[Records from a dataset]
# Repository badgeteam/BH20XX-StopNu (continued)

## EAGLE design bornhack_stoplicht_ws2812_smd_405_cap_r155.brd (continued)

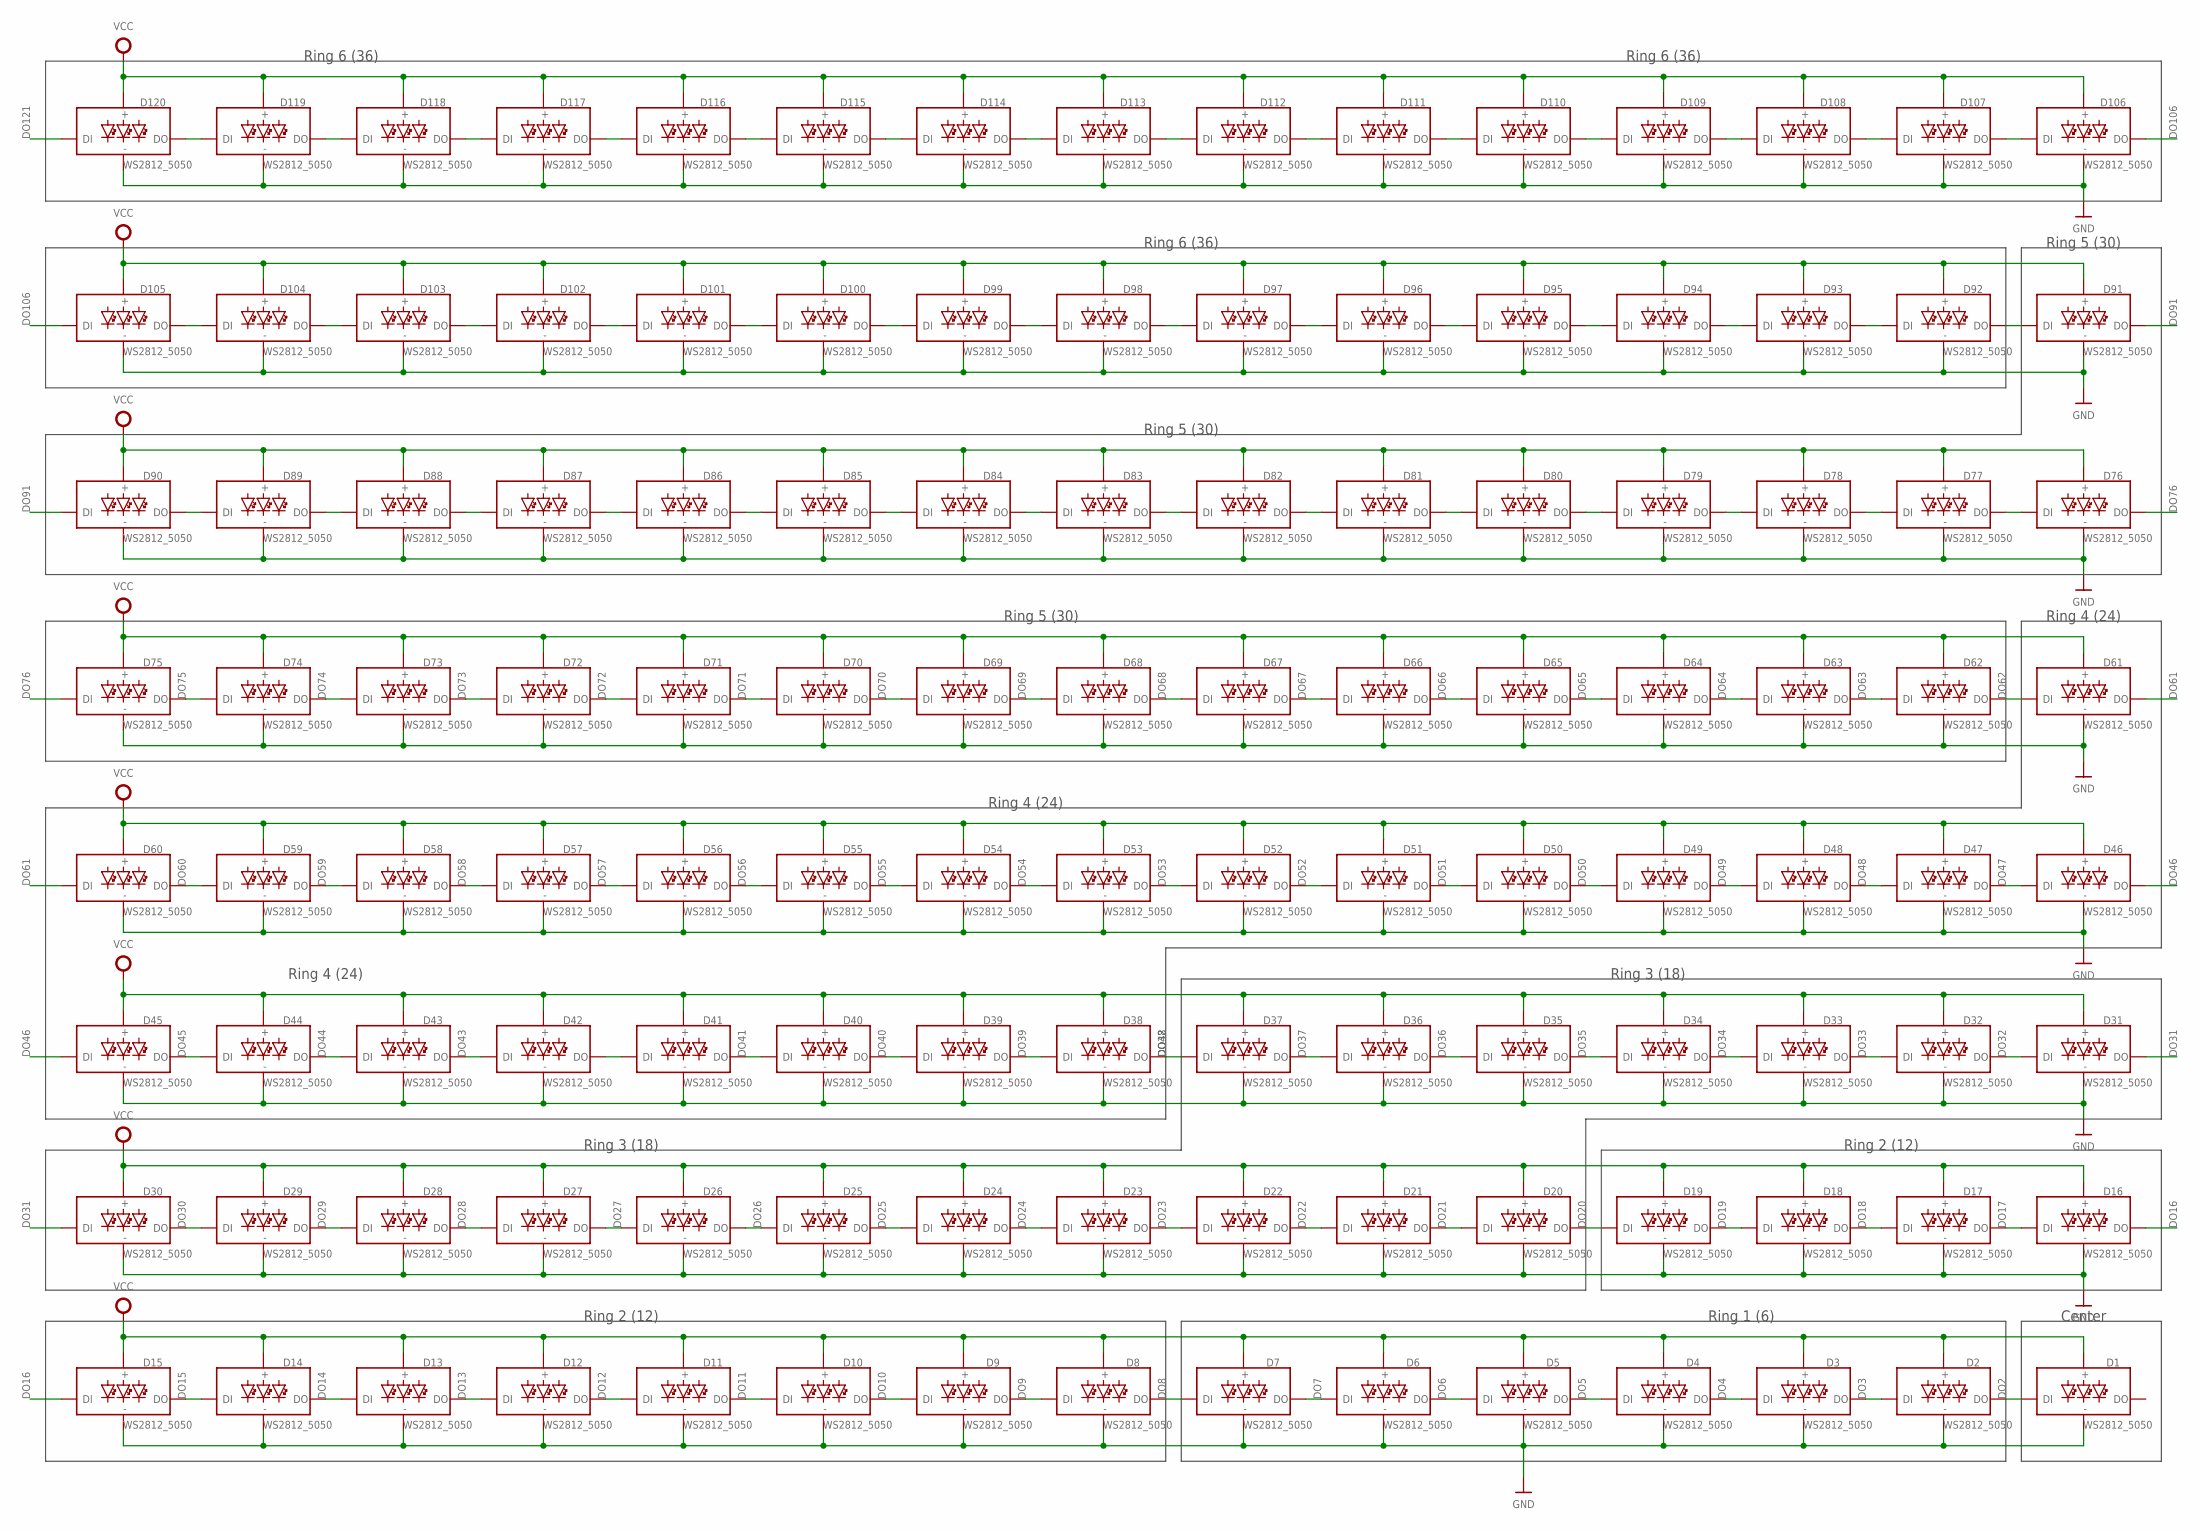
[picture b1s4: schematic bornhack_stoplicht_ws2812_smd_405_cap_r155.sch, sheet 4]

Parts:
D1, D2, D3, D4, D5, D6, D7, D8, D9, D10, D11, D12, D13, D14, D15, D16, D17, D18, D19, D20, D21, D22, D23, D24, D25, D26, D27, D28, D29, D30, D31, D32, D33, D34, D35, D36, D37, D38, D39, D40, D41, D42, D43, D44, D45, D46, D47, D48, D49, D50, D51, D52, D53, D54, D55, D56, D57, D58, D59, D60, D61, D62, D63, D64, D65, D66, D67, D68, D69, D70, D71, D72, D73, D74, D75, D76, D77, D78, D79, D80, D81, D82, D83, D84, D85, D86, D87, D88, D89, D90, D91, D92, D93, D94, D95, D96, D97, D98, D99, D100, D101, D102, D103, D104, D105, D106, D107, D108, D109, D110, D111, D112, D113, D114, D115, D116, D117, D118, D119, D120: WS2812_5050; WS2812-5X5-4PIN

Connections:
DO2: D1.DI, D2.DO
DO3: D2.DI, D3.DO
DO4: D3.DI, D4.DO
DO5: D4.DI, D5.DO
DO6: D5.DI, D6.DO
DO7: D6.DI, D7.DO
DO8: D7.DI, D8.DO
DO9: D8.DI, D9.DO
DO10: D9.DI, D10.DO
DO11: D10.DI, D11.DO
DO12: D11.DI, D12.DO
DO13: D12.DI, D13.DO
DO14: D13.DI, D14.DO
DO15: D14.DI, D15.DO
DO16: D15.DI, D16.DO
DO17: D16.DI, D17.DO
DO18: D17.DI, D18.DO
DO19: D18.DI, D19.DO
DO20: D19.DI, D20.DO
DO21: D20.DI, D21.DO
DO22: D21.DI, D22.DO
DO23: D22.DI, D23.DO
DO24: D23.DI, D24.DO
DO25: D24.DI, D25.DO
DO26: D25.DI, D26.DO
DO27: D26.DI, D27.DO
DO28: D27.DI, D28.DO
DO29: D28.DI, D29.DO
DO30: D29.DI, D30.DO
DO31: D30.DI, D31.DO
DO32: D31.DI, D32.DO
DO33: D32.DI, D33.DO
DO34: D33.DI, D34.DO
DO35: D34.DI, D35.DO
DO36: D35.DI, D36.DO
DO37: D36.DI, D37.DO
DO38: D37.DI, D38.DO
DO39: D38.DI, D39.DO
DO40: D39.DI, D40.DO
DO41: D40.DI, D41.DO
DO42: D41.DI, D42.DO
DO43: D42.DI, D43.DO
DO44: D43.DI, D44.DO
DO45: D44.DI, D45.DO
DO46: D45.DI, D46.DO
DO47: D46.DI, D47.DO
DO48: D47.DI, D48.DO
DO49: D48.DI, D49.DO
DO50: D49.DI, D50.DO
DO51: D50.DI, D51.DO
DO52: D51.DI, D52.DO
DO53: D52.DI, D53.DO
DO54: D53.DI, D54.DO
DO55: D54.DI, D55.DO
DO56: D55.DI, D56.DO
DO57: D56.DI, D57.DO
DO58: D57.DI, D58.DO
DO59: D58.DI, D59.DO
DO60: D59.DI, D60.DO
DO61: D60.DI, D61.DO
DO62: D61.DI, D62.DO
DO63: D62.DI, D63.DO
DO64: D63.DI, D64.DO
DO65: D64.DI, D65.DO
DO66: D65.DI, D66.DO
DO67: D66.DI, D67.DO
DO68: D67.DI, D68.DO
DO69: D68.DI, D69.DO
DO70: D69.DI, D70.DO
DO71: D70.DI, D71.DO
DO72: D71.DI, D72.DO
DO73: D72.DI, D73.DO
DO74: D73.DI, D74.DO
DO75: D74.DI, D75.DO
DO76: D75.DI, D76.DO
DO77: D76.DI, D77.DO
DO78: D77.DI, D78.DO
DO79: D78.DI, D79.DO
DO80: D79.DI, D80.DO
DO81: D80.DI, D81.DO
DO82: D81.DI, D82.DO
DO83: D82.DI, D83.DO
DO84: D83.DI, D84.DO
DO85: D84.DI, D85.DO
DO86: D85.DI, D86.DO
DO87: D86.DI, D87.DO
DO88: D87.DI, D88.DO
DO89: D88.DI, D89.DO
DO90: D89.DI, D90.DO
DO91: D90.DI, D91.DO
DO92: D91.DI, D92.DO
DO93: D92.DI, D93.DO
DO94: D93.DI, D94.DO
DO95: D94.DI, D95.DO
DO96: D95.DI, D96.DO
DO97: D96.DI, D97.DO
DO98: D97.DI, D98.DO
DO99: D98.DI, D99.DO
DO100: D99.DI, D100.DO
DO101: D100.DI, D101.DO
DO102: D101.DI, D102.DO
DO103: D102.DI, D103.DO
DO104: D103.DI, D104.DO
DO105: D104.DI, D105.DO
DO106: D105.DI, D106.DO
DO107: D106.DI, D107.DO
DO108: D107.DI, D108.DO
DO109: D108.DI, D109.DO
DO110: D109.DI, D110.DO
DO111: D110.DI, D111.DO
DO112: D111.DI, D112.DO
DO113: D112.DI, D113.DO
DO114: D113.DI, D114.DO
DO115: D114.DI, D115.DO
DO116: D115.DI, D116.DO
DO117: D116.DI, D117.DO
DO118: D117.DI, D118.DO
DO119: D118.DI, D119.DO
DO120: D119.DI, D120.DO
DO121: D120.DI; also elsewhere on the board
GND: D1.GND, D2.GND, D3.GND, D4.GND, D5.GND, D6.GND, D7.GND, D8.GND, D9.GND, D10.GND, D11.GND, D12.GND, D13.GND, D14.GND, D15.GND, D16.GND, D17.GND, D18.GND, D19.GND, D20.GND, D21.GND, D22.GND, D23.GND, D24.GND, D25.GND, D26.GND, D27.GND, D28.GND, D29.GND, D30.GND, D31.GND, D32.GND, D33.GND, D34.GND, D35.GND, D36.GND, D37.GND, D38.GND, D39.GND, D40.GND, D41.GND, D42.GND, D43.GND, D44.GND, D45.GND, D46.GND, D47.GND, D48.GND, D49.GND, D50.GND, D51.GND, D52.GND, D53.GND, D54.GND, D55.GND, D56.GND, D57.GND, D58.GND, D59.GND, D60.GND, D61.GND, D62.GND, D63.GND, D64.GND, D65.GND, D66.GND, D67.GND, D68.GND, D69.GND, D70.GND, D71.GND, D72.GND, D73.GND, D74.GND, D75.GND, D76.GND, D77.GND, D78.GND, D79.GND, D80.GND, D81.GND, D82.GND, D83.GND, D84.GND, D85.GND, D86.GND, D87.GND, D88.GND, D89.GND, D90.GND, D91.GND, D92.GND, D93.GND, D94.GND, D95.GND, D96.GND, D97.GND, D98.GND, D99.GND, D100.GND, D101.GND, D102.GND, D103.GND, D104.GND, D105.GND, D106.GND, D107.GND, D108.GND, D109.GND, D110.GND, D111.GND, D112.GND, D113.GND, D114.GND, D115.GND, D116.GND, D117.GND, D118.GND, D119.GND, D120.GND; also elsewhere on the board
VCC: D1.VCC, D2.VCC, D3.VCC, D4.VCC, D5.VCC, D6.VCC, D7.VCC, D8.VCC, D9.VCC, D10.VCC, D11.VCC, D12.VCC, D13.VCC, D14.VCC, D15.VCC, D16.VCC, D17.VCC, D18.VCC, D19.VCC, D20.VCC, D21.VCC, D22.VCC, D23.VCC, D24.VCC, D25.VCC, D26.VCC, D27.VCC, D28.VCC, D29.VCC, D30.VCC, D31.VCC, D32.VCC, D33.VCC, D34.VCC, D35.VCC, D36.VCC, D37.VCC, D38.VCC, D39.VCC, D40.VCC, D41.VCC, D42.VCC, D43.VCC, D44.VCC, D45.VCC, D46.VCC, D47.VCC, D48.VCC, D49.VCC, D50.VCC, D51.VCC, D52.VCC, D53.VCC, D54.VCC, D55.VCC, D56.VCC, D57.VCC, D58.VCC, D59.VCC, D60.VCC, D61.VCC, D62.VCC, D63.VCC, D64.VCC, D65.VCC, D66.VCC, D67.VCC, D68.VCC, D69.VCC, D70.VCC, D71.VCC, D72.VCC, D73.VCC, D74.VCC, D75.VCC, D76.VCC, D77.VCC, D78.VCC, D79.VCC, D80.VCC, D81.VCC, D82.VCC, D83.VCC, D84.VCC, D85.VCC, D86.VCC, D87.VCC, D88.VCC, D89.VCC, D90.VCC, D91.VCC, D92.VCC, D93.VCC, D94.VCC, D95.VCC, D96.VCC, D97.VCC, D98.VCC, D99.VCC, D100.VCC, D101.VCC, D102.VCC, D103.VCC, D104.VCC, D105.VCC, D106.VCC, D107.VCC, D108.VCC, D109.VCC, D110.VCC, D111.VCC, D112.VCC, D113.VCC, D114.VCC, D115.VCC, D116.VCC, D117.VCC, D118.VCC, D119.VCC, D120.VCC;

— YOUR GOAL —
Give the number of lines in the entries that hold the word "continued", and nothing else.

— SOLUTION TO THE EXERCISE —
2